Launch WS-199D on the launcher. Photo Designation-systems.net
Several pilot projects launched by the US Air Force at the end of the 1950s had a similar name. The development of new versions of combat units for ICBMs was to be conducted within the framework of the project with the designation WS-199D (Weapon System 199D). Also, the project was given the "star" name Alpha Draco ("Alpha Dragon"). The contract for the development of the rocket and its subsequent tests received the company McDonnell. Several other organizations were supposed to be involved in the work as subcontractors.
As part of the WS-199D project, they proposed to abandon the “traditional” flight along a ballistic trajectory and work through the concept of BGRV (Boost-glide reentry vehicle - “Combat unit with overclocking and scheduling”). The rocket was planned to include a couple of stages with solid-fuel engines and a head made in the form of a special airframe. It was assumed that the first stage would take the rocket assembly to a predetermined height, the task of the second stage would be acceleration to the design speed, and after its separation the head part will continue horizontal flight independently, up to a complete loss of stored energy and fall into the specified area.

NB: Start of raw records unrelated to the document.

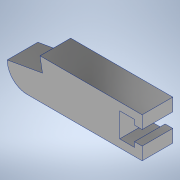
# Autodesk Inventor part: Finray_test_8_Kerbe_10deg
Saved by Autodesk Inventor 2022 (Build 260153000, 153)
## iProperties
Created: 2022-02-28
Part Number: Finray_test_8_Kerbe_10deg
Material: Generic
Document SubType Name: Modeling
Designer: richa
Density: 1 g/cm^3
Appearance: Aluminum - Flat
Author: richa
Autodesk Inventor part; units mm, degrees
ref_plane "YZ Plane" through (0, 0, 0) normal (1, 0, 0) x (0, 1, 0)
ref_plane "XZ Plane" through (0, 0, 0) normal (0, 1, 0) x (-1, 0, 0)
ref_plane "XY Plane" through (0, 0, 0) normal (0, 0, 1) x (1, 0, 0)
sketch "Sketch5" plane through (0, 0, 0) normal (0, 0, 1) x (1, 0, 0)
  line L0 (52.8, -15.6) -> (52.8, -10.6)
  line L1 (52.8, -10.6) -> (49.8, -10.6)
  line L2 (49.8, -10.6) -> (49.8, -12.55)
  line L3 (44, -12.55) -> (44, -3.05)
  line L4 (49.8, -3.05) -> (49.8, -5)
  line L5 (49.8, -5) -> (52.8, -5)
  line L6 (52.8, -5) -> (52.8, 0)
  line L7 (52.8, 0) -> (7.8, 0)
  line L8 (44, -3.05) -> (49.8, -3.05)
  line L9 (44, -12.55) -> (49.8, -12.55)
  line L10 (52.8, -15.6) -> (7.8, -15.6)
  arc A0 (7.8, 0) -> (7.8, -15.6) centre (7.8, -7.8) ccw
  point P0 (0, 0)
  dimension "d41" = 5.8
  dimension "d48" = 44
  dimension "d50" = 3
  dimension "d63" = 45
  dimension "d67" = 15.6
  dimension "d71" = 0
  dimension "d72" = 36.2
  dimension "d87" = 5.6
  dimension "d88" = 9.5
  constraints: 22 end point, 7 perpendicular, 4 collinear, 2 parallel, 2 point on circle, 2 tangent, 1 centre point, 1 horizontal, 1 vertical
  measures "d41" distance between parallel lines of L2 L3
  measures "d48" distance from line of L3 point (0, 0)
  measures "d50" distance of L4.end L5.end
  measures "d63" distance of L0.start L10.end
  measures "d67" diameter of A0
  measures "d71" distance from line of point (0, 0) L7
  measures "d72" distance from line of L3 A0.centre
  measures "d87" distance from line of L0.end L5
  measures "d88" distance of L3.start L3.end
extrude "Extrusion2" add sketch "Sketch5" along normal blind 12
sketch "Sketch8" plane through (0, 0, 0) normal (0, 0, -1) x (-1, 0, 0)
  arc A0 (-7.8, -15.6) -> (-7.8, 0) centre (-7.8, -7.8) ccw projected
  line L0 (-12.8406, 0) -> (-13.7873, -5.3689)
  line L1 (-7.8, 0) -> (-1.143, 0) construction
  arc A1 (-7.8, -15.6) -> (-7.8, 0) centre (-7.8, -7.8) ccw projected
  line L2 (-7.8, -7.8) -> (4.6142, -7.8) construction
  line L3 (1.4517, -9.4313) -> (-7.8, -7.8) construction
  line L4 (-7.8, -7.8) -> (-18.1105, -5.982) construction
  line L5 (-52.8, 0) -> (-7.8, 0) projected
  arc A2 (-0.1185, -9.1545) -> (-7.8, 0) centre (-7.8, -7.8) ccw
  line L6 (0, -7.8) -> (-13.7873, -5.3689)
  line L7 (-52.8, 0) -> (-7.8, 0) projected
  line L8 (-7.8, 0) -> (-12.8406, 0)
  point P0 (0, 0)
  point P1 (-9.1339, -7.5648)
  dimension "d80" = 100
  dimension "d81" = 10
  dimension "d89" = 14
  constraints: 14 end point, 4 point on circle, 4 point on line, 2 horizontal, 1 centre point, 1 concentric, 1 perpendicular
  measures "d80" angle of L0 L1
  measures "d81" angle of L2 L3
  measures "d89" distance of L6.start L0.end
extrude "Extrusion5" cut sketch "Sketch8" against normal through all
equation "\"l1\" = 8"
body "Solid2"
Autodesk Inventor part; units mm, degrees
(part 2 of 2)
  spline S278 degree 2 poles (87.85, 28.3635) (87.85, 28.6167) (87.7568, 28.9368) (87.6738, 29.0239) knots 0 0 0 1 2 2 2
  spline S279 degree 2 poles (87.6738, 29.0239) (87.6008, 29.1049) (87.4489, 29.1657) (87.3597, 29.1657) knots 0 0 0 1 2 2 2
  spline S280 degree 2 poles (87.3597, 29.1657) (87.1531, 29.1657) (86.908, 28.8699) (86.908, 28.5904) knots 0 0 0 1 2 2 2
  spline S281 degree 2 poles (86.908, 28.5904) (86.908, 28.4323) (86.989, 28.2277) (87.0781, 28.1548) knots 0 0 0 1 2 2 2
  spline S282 degree 2 poles (87.0781, 28.1548) (87.143, 28.1021) (87.303, 28.0677) (87.3962, 28.0677) knots 0 0 0 1 2 2 2
  spline S283 degree 2 poles (87.3962, 28.0677) (87.5036, 28.0677) (87.7508, 28.1426) (87.8439, 28.2054) knots 0 0 0 1 2 2 2
  spline S284 degree 2 poles (87.8439, 28.2054) (87.846, 28.2297) (87.85, 28.3128) (87.85, 28.3635) knots 0 0 0 1 2 2 2
  line L255 (90.0826, 29.0138) -> (89.0008, 26.8886)
  line L256 (89.0008, 26.8886) -> (88.6442, 26.8886)
  line L257 (88.6442, 26.8886) -> (89.7868, 29.0948)
  line L258 (89.7868, 29.0948) -> (88.4963, 29.0948)
  line L259 (88.4963, 29.0948) -> (88.4963, 29.3886)
  line L260 (88.4963, 29.3886) -> (90.0826, 29.3886)
  line L261 (90.0826, 29.3886) -> (90.0826, 29.0138)
  line L262 (93.2613, 29.3886) -> (92.6332, 26.8886)
  line L263 (92.6332, 26.8886) -> (92.2605, 26.8886)
  line L264 (92.2605, 26.8886) -> (91.752, 28.9631)
  line L265 (91.752, 28.9631) -> (91.2576, 26.8886)
  line L266 (91.2576, 26.8886) -> (90.8889, 26.8886)
  line L267 (90.8889, 26.8886) -> (90.2508, 29.3886)
  line L268 (90.2508, 29.3886) -> (90.5931, 29.3886)
  line L269 (90.5931, 29.3886) -> (91.0956, 27.316)
  line L270 (91.0956, 27.316) -> (91.5939, 29.3886)
  line L271 (91.5939, 29.3886) -> (91.9323, 29.3886)
  line L272 (91.9323, 29.3886) -> (92.4347, 27.2917)
  line L273 (92.4347, 27.2917) -> (92.9351, 29.3886)
  line L274 (92.9351, 29.3886) -> (93.2613, 29.3886)
  line L275 (95.0076, 26.8886) -> (94.6916, 26.8886)
  line L276 (94.6916, 26.8886) -> (94.6916, 27.9583)
  spline S285 degree 2 poles (94.6916, 27.9583) (94.6916, 28.0879) (94.6673, 28.3108) (94.6308, 28.3776) knots 0 0 0 1 2 2 2
  spline S286 degree 2 poles (94.6308, 28.3776) (94.5923, 28.4485) (94.4546, 28.5174) (94.3371, 28.5174) knots 0 0 0 1 2 2 2
  spline S287 degree 2 poles (94.3371, 28.5174) (94.2196, 28.5174) (93.9704, 28.3918) (93.8508, 28.2905) knots 0 0 0 1 2 2 2
  line L277 (93.8508, 28.2905) -> (93.8508, 26.8886)
  line L278 (93.8508, 26.8886) -> (93.5348, 26.8886)
  line L279 (93.5348, 26.8886) -> (93.5348, 29.5)
  line L280 (93.5348, 29.5) -> (93.8508, 29.5)
  line L281 (93.8508, 29.5) -> (93.8508, 28.5559)
  spline S288 degree 2 poles (93.8508, 28.5559) (93.9926, 28.6835) (94.2661, 28.8173) (94.4201, 28.8173) knots 0 0 0 1 2 2 2
  spline S289 degree 2 poles (94.4201, 28.8173) (94.6956, 28.8173) (95.0076, 28.4526) (95.0076, 28.1062) knots 0 0 0 1 2 2 2
  line L282 (95.0076, 28.1062) -> (95.0076, 26.8886)
  line L283 (98.0202, 26.8886) -> (96.4785, 26.8886)
  line L284 (96.4785, 26.8886) -> (96.4785, 27.2431)
  spline S290 degree 2 poles (96.4785, 27.2431) (96.6446, 27.3991) (96.9404, 27.6888) (97.0822, 27.8448) knots 0 0 0 1 2 2 2
  spline S291 degree 2 poles (97.0822, 27.8448) (97.3679, 28.1588) (97.5765, 28.5357) (97.5765, 28.7362) knots 0 0 0 1 2 2 2
  spline S292 degree 2 poles (97.5765, 28.7362) (97.5765, 28.8416) (97.5117, 28.9996) (97.4529, 29.0502) knots 0 0 0 1 2 2 2
  spline S293 degree 2 poles (97.4529, 29.0502) (97.3942, 29.1009) (97.2402, 29.1515) (97.147, 29.1515) knots 0 0 0 1 2 2 2
  spline S294 degree 2 poles (97.147, 29.1515) (97.0579, 29.1515) (96.8755, 29.107) (96.7925, 29.0725) knots 0 0 0 1 2 2 2
  spline S295 degree 2 poles (96.7925, 29.0725) (96.7216, 29.0442) (96.5899, 28.9631) (96.5494, 28.9348) knots 0 0 0 1 2 2 2
  line L285 (96.5494, 28.9348) -> (96.5311, 28.9348)
  line L286 (96.5311, 28.9348) -> (96.5311, 29.2913)
  spline S296 degree 2 poles (96.5311, 29.2913) (96.6345, 29.342) (97.0052, 29.4412) (97.1713, 29.4412) knots 0 0 0 1 2 2 2
  spline S297 degree 2 poles (97.1713, 29.4412) (97.5218, 29.4412) (97.9169, 29.0705) (97.9169, 28.7545) knots 0 0 0 1 2 2 2
  spline S298 degree 2 poles (97.9169, 28.7545) (97.9169, 28.6066) (97.848, 28.3594) (97.7872, 28.2541) knots 0 0 0 1 2 2 2
  spline S299 degree 2 poles (97.7872, 28.2541) (97.7264, 28.1447) (97.5502, 27.9299) (97.4529, 27.8266) knots 0 0 0 1 2 2 2
  spline S300 degree 2 poles (97.4529, 27.8266) (97.2949, 27.6544) (96.908, 27.2857) (96.7925, 27.1783) knots 0 0 0 1 2 2 2
  line L287 (96.7925, 27.1783) -> (98.0202, 27.1783)
  line L288 (98.0202, 27.1783) -> (98.0202, 26.8886)
  spline S301 degree 2 poles (99.8699, 27.6827) (99.8699, 27.5024) (99.7544, 27.1945) (99.649, 27.081) knots 0 0 0 1 2 2 2
  spline S302 degree 2 poles (99.649, 27.081) (99.5437, 26.9676) (99.2297, 26.8359) (99.0352, 26.8359) knots 0 0 0 1 2 2 2
  spline S303 degree 2 poles (99.0352, 26.8359) (98.8569, 26.8359) (98.5084, 26.9149) (98.3808, 26.9777) knots 0 0 0 1 2 2 2
  line L289 (98.3808, 26.9777) -> (98.3808, 27.3323)
  line L290 (98.3808, 27.3323) -> (98.4051, 27.3323)
  spline S304 degree 2 poles (98.4051, 27.3323) (98.4436, 27.3039) (98.5875, 27.231) (98.6746, 27.1985) knots 0 0 0 1 2 2 2
  spline S305 degree 2 poles (98.6746, 27.1985) (98.7738, 27.1641) (98.9379, 27.1256) (99.0413, 27.1256) knots 0 0 0 1 2 2 2
  spline S306 degree 2 poles (99.0413, 27.1256) (99.1426, 27.1256) (99.333, 27.1985) (99.4019, 27.2776) knots 0 0 0 1 2 2 2
  spline S307 degree 2 poles (99.4019, 27.2776) (99.4647, 27.3525) (99.5295, 27.5511) (99.5295, 27.6848) knots 0 0 0 1 2 2 2
  spline S308 degree 2 poles (99.5295, 27.6848) (99.5295, 27.8185) (99.4566, 27.9887) (99.3877, 28.0454) knots 0 0 0 1 2 2 2
  spline S309 degree 2 poles (99.3877, 28.0454) (99.3168, 28.1082) (99.1061, 28.1609) (98.9785, 28.1609) knots 0 0 0 1 2 2 2
  spline S310 degree 2 poles (98.9785, 28.1609) (98.8407, 28.1609) (98.5672, 28.1183) (98.4841, 28.1001) knots 0 0 0 1 2 2 2
  line L291 (98.4841, 28.1001) -> (98.4841, 29.3886)
  line L292 (98.4841, 29.3886) -> (99.8557, 29.3886)
  line L293 (99.8557, 29.3886) -> (99.8557, 29.0948)
  line L294 (99.8557, 29.0948) -> (98.8063, 29.0948)
  line L295 (98.8063, 29.0948) -> (98.8063, 28.4283)
  spline S311 degree 2 poles (98.8063, 28.4283) (98.867, 28.4364) (98.9845, 28.4425) (99.0332, 28.4425) knots 0 0 0 1 2 2 2
  spline S312 degree 2 poles (99.0332, 28.4425) (99.2256, 28.4425) (99.491, 28.3797) (99.6126, 28.2865) knots 0 0 0 1 2 2 2
  spline S313 degree 2 poles (99.6126, 28.2865) (99.7362, 28.1933) (99.8699, 27.9096) (99.8699, 27.6827) knots 0 0 0 1 2 2 2
  spline S314 degree 2 poles (101.2779, 26.844) (101.0348, 26.844) (100.6235, 27.0081) (100.4736, 27.1722) knots 0 0 0 1 2 2 2
  spline S315 degree 2 poles (100.4736, 27.1722) (100.3237, 27.3343) (100.1596, 27.8205) (100.1596, 28.1365) knots 0 0 0 1 2 2 2
  spline S316 degree 2 poles (100.1596, 28.1365) (100.1596, 28.4506) (100.3196, 28.9165) (100.4716, 29.0887) knots 0 0 0 1 2 2 2
  spline S317 degree 2 poles (100.4716, 29.0887) (100.6215, 29.2569) (101.0307, 29.4331) (101.284, 29.4331) knots 0 0 0 1 2 2 2
  spline S318 degree 2 poles (101.284, 29.4331) (101.4096, 29.4331) (101.6304, 29.3967) (101.7236, 29.3683) knots 0 0 0 1 2 2 2
  spline S319 degree 2 poles (101.7236, 29.3683) (101.8046, 29.342) (101.9728, 29.267) (102.0559, 29.2224) knots 0 0 0 1 2 2 2
  line L296 (102.0559, 29.2224) -> (102.0559, 28.8213)
  line L297 (102.0559, 28.8213) -> (102.0295, 28.8213)
  spline S320 degree 2 poles (102.0295, 28.8213) (101.9849, 28.8618) (101.8472, 28.9753) (101.7479, 29.03) knots 0 0 0 1 2 2 2
  spline S321 degree 2 poles (101.7479, 29.03) (101.6527, 29.0827) (101.4278, 29.1495) (101.282, 29.1495) knots 0 0 0 1 2 2 2
  spline S322 degree 2 poles (101.282, 29.1495) (101.1219, 29.1495) (100.8362, 29.0178) (100.7289, 28.8922) knots 0 0 0 1 2 2 2
  spline S323 degree 2 poles (100.7289, 28.8922) (100.6235, 28.7646) (100.506, 28.3776) (100.506, 28.1365) knots 0 0 0 1 2 2 2
  spline S324 degree 2 poles (100.506, 28.1365) (100.506, 27.8793) (100.6296, 27.5085) (100.737, 27.3809) knots 0 0 0 1 2 2 2
  spline S325 degree 2 poles (100.737, 27.3809) (100.8423, 27.2573) (101.1239, 27.1317) (101.282, 27.1317) knots 0 0 0 1 2 2 2
  spline S326 degree 2 poles (101.282, 27.1317) (101.4258, 27.1317) (101.6709, 27.2026) (101.7661, 27.2553) knots 0 0 0 1 2 2 2
  spline S327 degree 2 poles (101.7661, 27.2553) (101.8573, 27.3079) (101.9931, 27.4173) (102.0315, 27.4558) knots 0 0 0 1 2 2 2
  line L298 (102.0315, 27.4558) -> (102.0559, 27.4558)
  line L299 (102.0559, 27.4558) -> (102.0559, 27.0588)
  spline S328 degree 2 poles (102.0559, 27.0588) (101.9728, 27.0203) (101.8269, 26.9494) (101.7236, 26.9169) knots 0 0 0 1 2 2 2
  spline S329 degree 2 poles (101.7236, 26.9169) (101.6142, 26.8805) (101.4278, 26.844) (101.2779, 26.844) knots 0 0 0 1 2 2 2
  point P0 (-1.739, -2.5)
  dimension "d13" = 6
  dimension "d14" = 3
  constraints: 6 other
  measures "d13" distance from line of L0.end L4
  measures "d14" distance from line of L9 L0.end
extrude "Extrusion3" add sketch "Skizze3" along normal blind 0.01

According to the calculations, the second stage should accelerate the glider to a speed of more M = 5. During the flight, the speed could noticeably decrease, but still remain sufficient to form a lifting force. Such indicators of speed allow us to classify the head of the WS-199D rocket into the category of hypersonic aircraft. Moreover, it turns out to be one of the first models of its class both in the United States and in the world.
Using a rocket with such principles of operation, scientists could investigate the behavior of the airframe at high speeds in dense layers of the atmosphere. In addition, it was possible to study the possibility of using a BGRV missile as an independent weapon. In both cases, the Alpha Draco project was supposed to give practical results.
The WS-199D project was experimental in nature and not too much time was allotted for its implementation. To speed up the development, construction and testing of new technology, McDonnell decided to make extensive use of available components of various types borrowed from serial equipment. So, it was planned to take engines for two stages from rockets MGM-29 Sergeant and Nike-Hercules. The existing model controls are provided by Honeywell.
The finished Alpha Dragon rocket had a fairly simple design. Assembled, it was a cylindrical product with a long conical head fairing and X-shaped rudders on the tail of the first stage. The tail of the second stage was distinguished by the presence of several curved cones. Almost all the internal volumes of the two stages were given for the installation of solid fuel engines. The small instrument compartments of the steps contained the simplest controls.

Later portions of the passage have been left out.